**Work item**
Please take the lines from the one holding "line L92 (142.7484, 31.5965)" through the one holding "line L101 (165.608, 35.7372)" in the data below and copy them exactly.

**Data supplied**

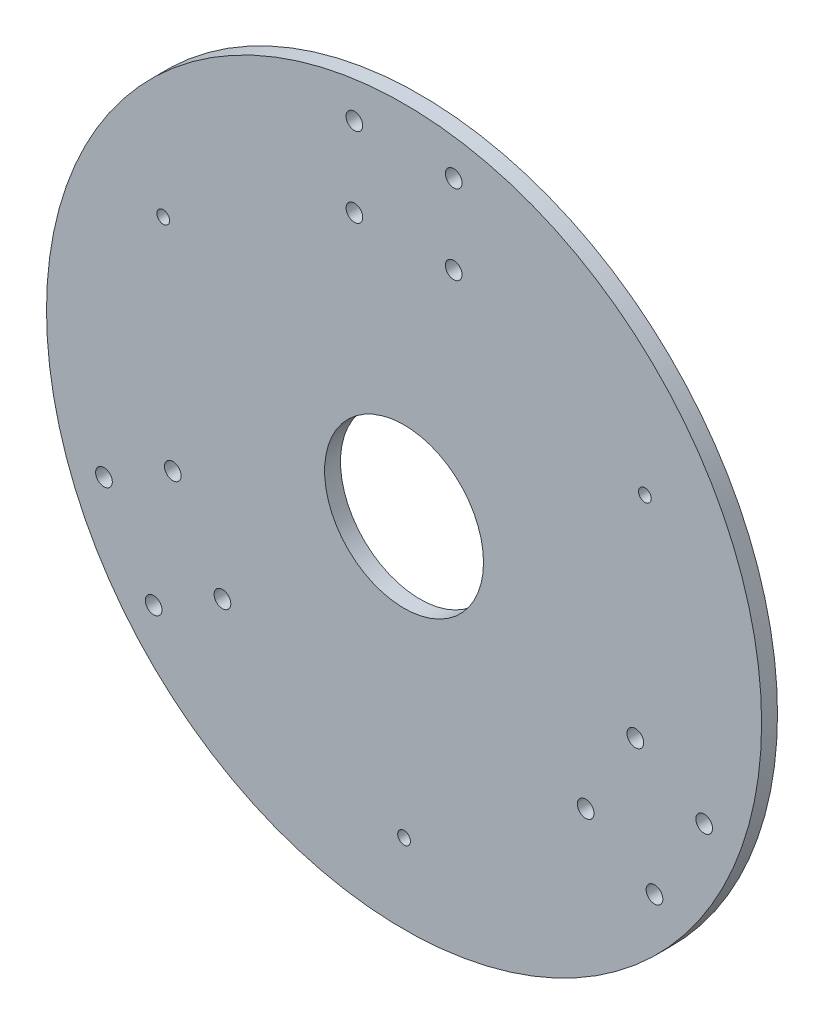
SolidWorks part; units mm, degrees
ref_plane "前视基准面" through (0, 0, 0) normal (0, 0, 1) x (1, 0, 0)
ref_plane "上视基准面" through (0, 0, 0) normal (0, 1, 0) x (1, 0, 0)
ref_plane "右视基准面" through (0, 0, 0) normal (1, 0, 0) x (0, 0, -1)
sketch "草图1" plane through (0, 0, 0) normal (0, 0, 1) x (1, 0, 0)
  line L0 (-12.5, 80) -> (12.5, 80) construction
  line L1 (17.5, 70) -> (-17.5, 70) construction
  line L2 (0, 0) -> (12.5, 60) construction
  line L6 (0, 70) -> (0, 0) construction
  circle A0 centre (12.5, 80) radius 2.1
  circle A1 centre (-12.5, 80) radius 2.1
  circle A2 centre (12.5, 60) radius 2.1
  circle A3 centre (-12.5, 60) radius 2.1
  circle A4 centre (0, 0) radius 90
  circle A5 centre (0, 0) radius 20
  circle A6 centre (75.532, -29.1747) radius 2.1
  circle A7 centre (58.2115, -19.1747) radius 2.1
  circle A8 centre (45.7115, -40.8253) radius 2.1
  circle A9 centre (63.032, -50.8253) radius 2.1
  circle A10 centre (-63.032, -50.8253) radius 2.1
  circle A11 centre (-45.7115, -40.8253) radius 2.1
  circle A12 centre (-58.2115, -19.1747) radius 2.1
  circle A13 centre (-75.532, -29.1747) radius 2.1
  point P9 (0, 70)
  dimension "D1" = 180
  dimension "D2" = 40
  dimension "D5" = 4.2
  dimension "D3" = 4.2
  dimension "D4" = 70
  dimension "D8" = 12.5
  dimension "D9" = 3
  dimension "D6" = 10
  dimension "D7" = 25
extrude "凸台-拉伸1" add sketch "草图1" along normal blind 4
sketch "草图2" plane through (0, 0, 4) normal (0, 0, 1) x (1, 0, 0)
  line L0 (-12.5, 80) -> (-12.5, 60) construction
  line L1 (-12.5, 70) -> (0, 70) construction
  circle A0 centre (0, 0) radius 70 construction
  circle A1 centre (0, -70) radius 1.6
  circle A2 centre (-60.6218, 35) radius 1.6
  circle A3 centre (60.6218, 35) radius 1.6
  point P11 (0, 0)
  point P18 (0, 0)
  dimension "D1" = 3.2
  dimension "D2" = 3
extrude "切除-拉伸1" cut sketch "草图2" against normal blind 10
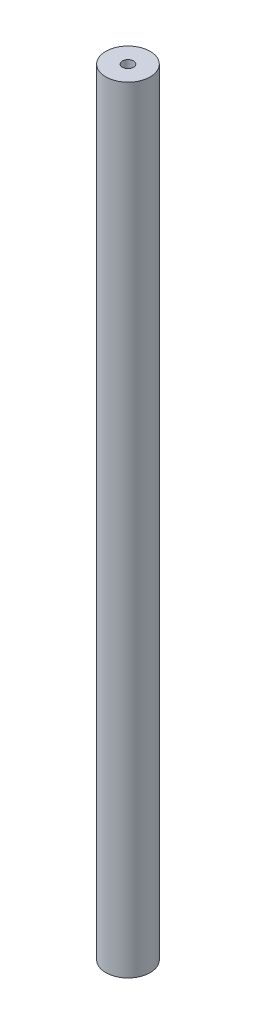
SolidWorks part; units mm, degrees
ref_plane "Front Plane" through (0, 0, 0) normal (0, 0, 1) x (1, 0, 0)
ref_plane "Top Plane" through (0, 0, 0) normal (0, 1, 0) x (1, 0, 0)
ref_plane "Right Plane" through (0, 0, 0) normal (1, 0, 0) x (0, 0, -1)
sketch "Sketch1" plane through (0, 0, 0) normal (0, 1, 0) x (1, 0, 0)
  circle A0 centre (0, 0) radius 12.7
  dimension "D1" = 25.4
extrude "Boss-Extrude1" add sketch "Sketch1" along normal blind 444.5
sketch "Sketch2" plane through (0, 444.5, 0) normal (0, 1, 0) x (1, 0, 0)
  circle A0 centre (0, 0) radius 3.175
  dimension "D1" = 6.35
extrude "Cut-Extrude1" cut sketch "Sketch2" against normal blind 25.4
ref_plane "Plane1" through (0, 222.25, 0) normal (0, 1, 0) x (1, 0, 0)
mirror "Mirror1" about plane through (0, 222.25, 0) normal (0, 1, 0) of "Cut-Extrude1"
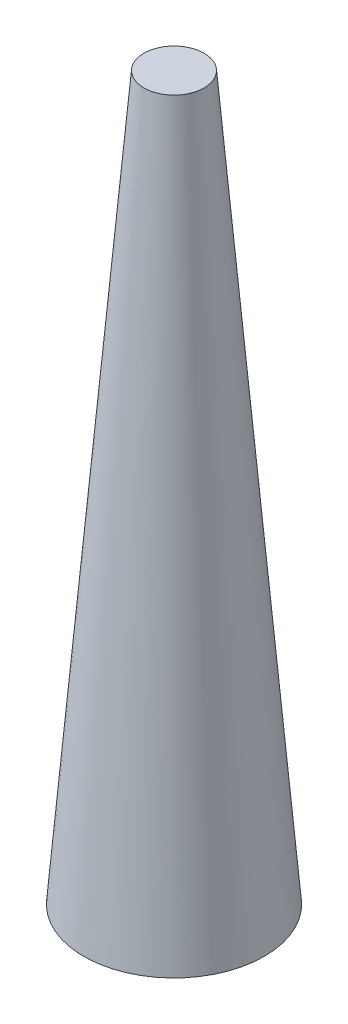
SolidWorks part; units mm, degrees
ref_plane "Front Plane" through (0, 0, 0) normal (0, 0, 1) x (1, 0, 0)
ref_plane "Top Plane" through (0, 0, 0) normal (0, 1, 0) x (1, 0, 0)
ref_plane "Right Plane" through (0, 0, 0) normal (1, 0, 0) x (0, 0, -1)
sketch "Sketch1" plane through (0, 0, 0) normal (0, 0, 1) x (1, 0, 0)
  line L0 (0, 0) -> (-19.05, 0)
  line L1 (-19.05, 0) -> (-6.35, 152.4)
  line L2 (-6.35, 152.4) -> (0, 152.4)
  line L3 (0, 152.4) -> (0, 0)
  dimension "D1" = 19.05
  dimension "D2" = 6.35
  dimension "D3" = 152.4
revolve "Revolve1" add sketch "Sketch1" angle 360 about L3
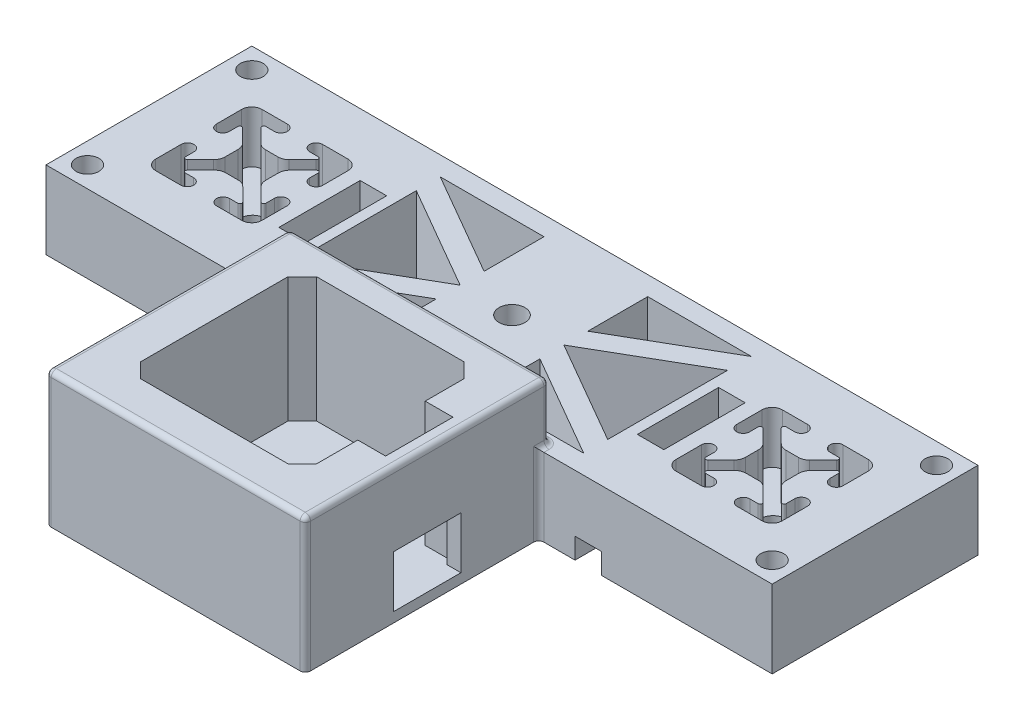
SolidWorks part; units mm, degrees
ref_plane "Front" through (0, 0, 0) normal (0, 0, 1) x (1, 0, 0)
ref_plane "Top" through (0, 0, 0) normal (0, 1, 0) x (1, 0, 0)
ref_plane "Right" through (0, 0, 0) normal (1, 0, 0) x (0, 0, -1)
sketch "Sketch1" plane through (0, 0, 0) normal (0, 1, 0) x (1, 0, 0)
  line L1 (0, 0) -> (177.8, 0)
  line L2 (0, 0) -> (0, 50.4)
  line L3 (0, 50.4) -> (177.8, 50.4)
  line L4 (177.8, 0) -> (177.8, 50.4)
  dimension "D1" = 177.8
  dimension "D2" = 50.4
extrude "Boss-Extrude1" add sketch "Sketch1" along normal blind 6.35
sketch "Sketch2" plane through (0, 6.35, 0) normal (0, 1, 0) x (1, 0, 0)
  line L0 (37.6996, 29.52) -> (37.6996, 35.7372) construction
  line L1 (35.7368, 37.7) -> (29.5196, 37.7) construction
  line L2 (29.5196, 35.56) -> (31.619, 35.56) construction
  line L3 (32.3326, 33.8353) -> (28.9966, 30.504) construction
  line L4 (26.7566, 29.5771) -> (23.643, 29.5771) construction
  line L5 (21.403, 30.504) -> (18.067, 33.8353) construction
  line L6 (18.7806, 35.56) -> (20.88, 35.56) construction
  line L7 (20.88, 37.7) -> (14.6628, 37.7) construction
  line L8 (12.7, 35.7372) -> (12.7, 29.52) construction
  line L9 (14.84, 29.52) -> (14.84, 31.5965) construction
  line L10 (16.5637, 32.3112) -> (19.7659, 29.1135) construction
  line L11 (20.743, 26.7568) -> (20.743, 23.6432) construction
  line L12 (19.7659, 21.2865) -> (16.5637, 18.0888) construction
  line L13 (14.84, 18.8035) -> (14.84, 20.88) construction
  line L14 (12.7, 20.88) -> (12.7, 14.6628) construction
  line L15 (14.6628, 12.7) -> (20.8121, 12.7) construction
  line L16 (20.8121, 14.84) -> (18.7806, 14.84) construction
  line L17 (18.067, 16.5647) -> (21.403, 19.896) construction
  line L18 (23.643, 20.8229) -> (26.7566, 20.8229) construction
  line L19 (28.9966, 19.896) -> (32.3326, 16.5647) construction
  line L20 (31.619, 14.84) -> (29.5875, 14.84) construction
  line L21 (29.5875, 12.7) -> (35.7368, 12.7) construction
  line L22 (37.6996, 14.6628) -> (37.6996, 20.88) construction
  line L23 (35.5596, 20.88) -> (35.5596, 18.8035) construction
  line L24 (33.8359, 18.0888) -> (30.6337, 21.2865) construction
  line L25 (29.6566, 23.6432) -> (29.6566, 26.7568) construction
  line L26 (30.6337, 29.1135) -> (33.8359, 32.3112) construction
  line L27 (35.5596, 31.5965) -> (35.5596, 29.52) construction
  line L28 (0, 50.4) -> (0, 0) construction
  line L29 (177.8, 50.4) -> (0, 50.4) construction
  line L30 (0, 0) -> (177.8, 0) construction
  line L31 (88.9, 50.4) -> (88.9, 0) construction
  line L32 (142.2404, 31.5965) -> (142.2404, 29.52) construction
  line L33 (147.1663, 29.1135) -> (143.9641, 32.3112) construction
  line L34 (148.1434, 23.6432) -> (148.1434, 26.7568) construction
  line L35 (143.9641, 18.0888) -> (147.1663, 21.2865) construction
  line L36 (142.2404, 20.88) -> (142.2404, 18.8035) construction
  line L37 (140.1004, 14.6628) -> (140.1004, 20.88) construction
  line L38 (148.2125, 12.7) -> (142.0632, 12.7) construction
  line L39 (146.181, 14.84) -> (148.2125, 14.84) construction
  line L40 (148.8034, 19.896) -> (145.4674, 16.5647) construction
  line L41 (154.157, 20.8229) -> (151.0434, 20.8229) construction
  line L42 (159.733, 16.5647) -> (156.397, 19.896) construction
  line L43 (156.9879, 14.84) -> (159.0194, 14.84) construction
  line L44 (163.1372, 12.7) -> (156.9879, 12.7) construction
  line L45 (165.1, 20.88) -> (165.1, 14.6628) construction
  line L46 (162.96, 18.8035) -> (162.96, 20.88) construction
  line L47 (158.0341, 21.2865) -> (161.2363, 18.0888) construction
  line L48 (157.057, 26.7568) -> (157.057, 23.6432) construction
  line L49 (161.2363, 32.3112) -> (158.0341, 29.1135) construction
  line L50 (162.96, 29.52) -> (162.96, 31.5965) construction
  line L51 (165.1, 35.7372) -> (165.1, 29.52) construction
  line L52 (156.92, 37.7) -> (163.1372, 37.7) construction
  line L53 (159.0194, 35.56) -> (156.92, 35.56) construction
  line L54 (156.397, 30.504) -> (159.733, 33.8353) construction
  line L55 (151.0434, 29.5771) -> (154.157, 29.5771) construction
  line L56 (145.4674, 33.8353) -> (148.8034, 30.504) construction
  line L57 (148.2804, 35.56) -> (146.181, 35.56) construction
  line L58 (142.0632, 37.7) -> (148.2804, 37.7) construction
  line L59 (140.1004, 29.52) -> (140.1004, 35.7372) construction
  line L60 (38.2076, 29.52) -> (38.2076, 35.7372)
  line L62 (0, 50.4) -> (0, 0)
  line L63 (0, 0) -> (177.8, 0)
  line L64 (177.8, 50.4) -> (177.8, 0)
  line L65 (35.7368, 38.208) -> (29.5196, 38.208)
  line L66 (29.5196, 35.052) -> (31.619, 35.052)
  line L67 (31.9737, 34.1948) -> (28.6376, 30.8635)
  line L68 (26.7566, 30.0851) -> (23.643, 30.0851)
  line L69 (21.762, 30.8635) -> (18.4259, 34.1948)
  line L70 (18.7806, 35.052) -> (20.88, 35.052)
  line L71 (20.88, 38.208) -> (14.6628, 38.208)
  line L72 (12.192, 35.7372) -> (12.192, 29.52)
  line L73 (15.348, 29.52) -> (15.348, 31.5965)
  line L74 (16.2047, 31.9517) -> (19.4069, 28.7541)
  line L75 (20.235, 26.7568) -> (20.235, 23.6432)
  line L76 (19.4069, 21.6459) -> (16.2047, 18.4483)
  line L77 (15.348, 18.8035) -> (15.348, 20.88)
  line L78 (12.192, 20.88) -> (12.192, 14.6628)
  line L79 (14.6628, 12.192) -> (20.8121, 12.192)
  line L80 (20.8121, 15.348) -> (18.7806, 15.348)
  line L81 (18.4259, 16.2052) -> (21.762, 19.5365)
  line L82 (23.643, 20.3149) -> (26.7566, 20.3149)
  line L83 (28.6376, 19.5365) -> (31.9737, 16.2052)
  line L84 (31.619, 15.348) -> (29.5875, 15.348)
  line L85 (29.5875, 12.192) -> (35.7368, 12.192)
  line L86 (38.2076, 14.6628) -> (38.2076, 20.88)
  line L87 (35.0516, 20.88) -> (35.0516, 18.8035)
  line L88 (34.1949, 18.4483) -> (30.9927, 21.6459)
  line L89 (30.1646, 23.6432) -> (30.1646, 26.7568)
  line L90 (30.9927, 28.7541) -> (34.1949, 31.9517)
  line L91 (35.0516, 31.5965) -> (35.0516, 29.52)
  line L92 (142.7484, 31.5965) -> (142.7484, 29.52)
  line L93 (139.5924, 29.52) -> (139.5924, 35.7372)
  line L94 (142.0632, 38.208) -> (148.2804, 38.208)
  line L95 (148.2804, 35.052) -> (146.181, 35.052)
  line L96 (145.8263, 34.1948) -> (149.1624, 30.8635)
  line L97 (151.0434, 30.0851) -> (154.157, 30.0851)
  line L98 (156.038, 30.8635) -> (159.3741, 34.1948)
  line L99 (159.0194, 35.052) -> (156.92, 35.052)
  line L100 (156.92, 38.208) -> (163.1372, 38.208)
  line L101 (165.608, 35.7372) -> (165.608, 29.52)
  line L102 (162.452, 29.52) -> (162.452, 31.5965)
  line L103 (161.5953, 31.9517) -> (158.3931, 28.7541)
  line L104 (157.565, 26.7568) -> (157.565, 23.6432)
  line L105 (158.3931, 21.6459) -> (161.5953, 18.4483)
  line L106 (162.452, 18.8035) -> (162.452, 20.88)
  line L107 (165.608, 20.88) -> (165.608, 14.6628)
  line L108 (163.1372, 12.192) -> (156.9879, 12.192)
  line L109 (156.9879, 15.348) -> (159.0194, 15.348)
  line L110 (159.3741, 16.2052) -> (156.038, 19.5365)
  line L111 (154.157, 20.3149) -> (151.0434, 20.3149)
  line L112 (149.1624, 19.5365) -> (145.8263, 16.2052)
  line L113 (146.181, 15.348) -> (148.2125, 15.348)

**Exercise answer**
  line L92 (142.7484, 31.5965) -> (142.7484, 29.52)
  line L93 (139.5924, 29.52) -> (139.5924, 35.7372)
  line L94 (142.0632, 38.208) -> (148.2804, 38.208)
  line L95 (148.2804, 35.052) -> (146.181, 35.052)
  line L96 (145.8263, 34.1948) -> (149.1624, 30.8635)
  line L97 (151.0434, 30.0851) -> (154.157, 30.0851)
  line L98 (156.038, 30.8635) -> (159.3741, 34.1948)
  line L99 (159.0194, 35.052) -> (156.92, 35.052)
  line L100 (156.92, 38.208) -> (163.1372, 38.208)
  line L101 (165.608, 35.7372) -> (165.608, 29.52)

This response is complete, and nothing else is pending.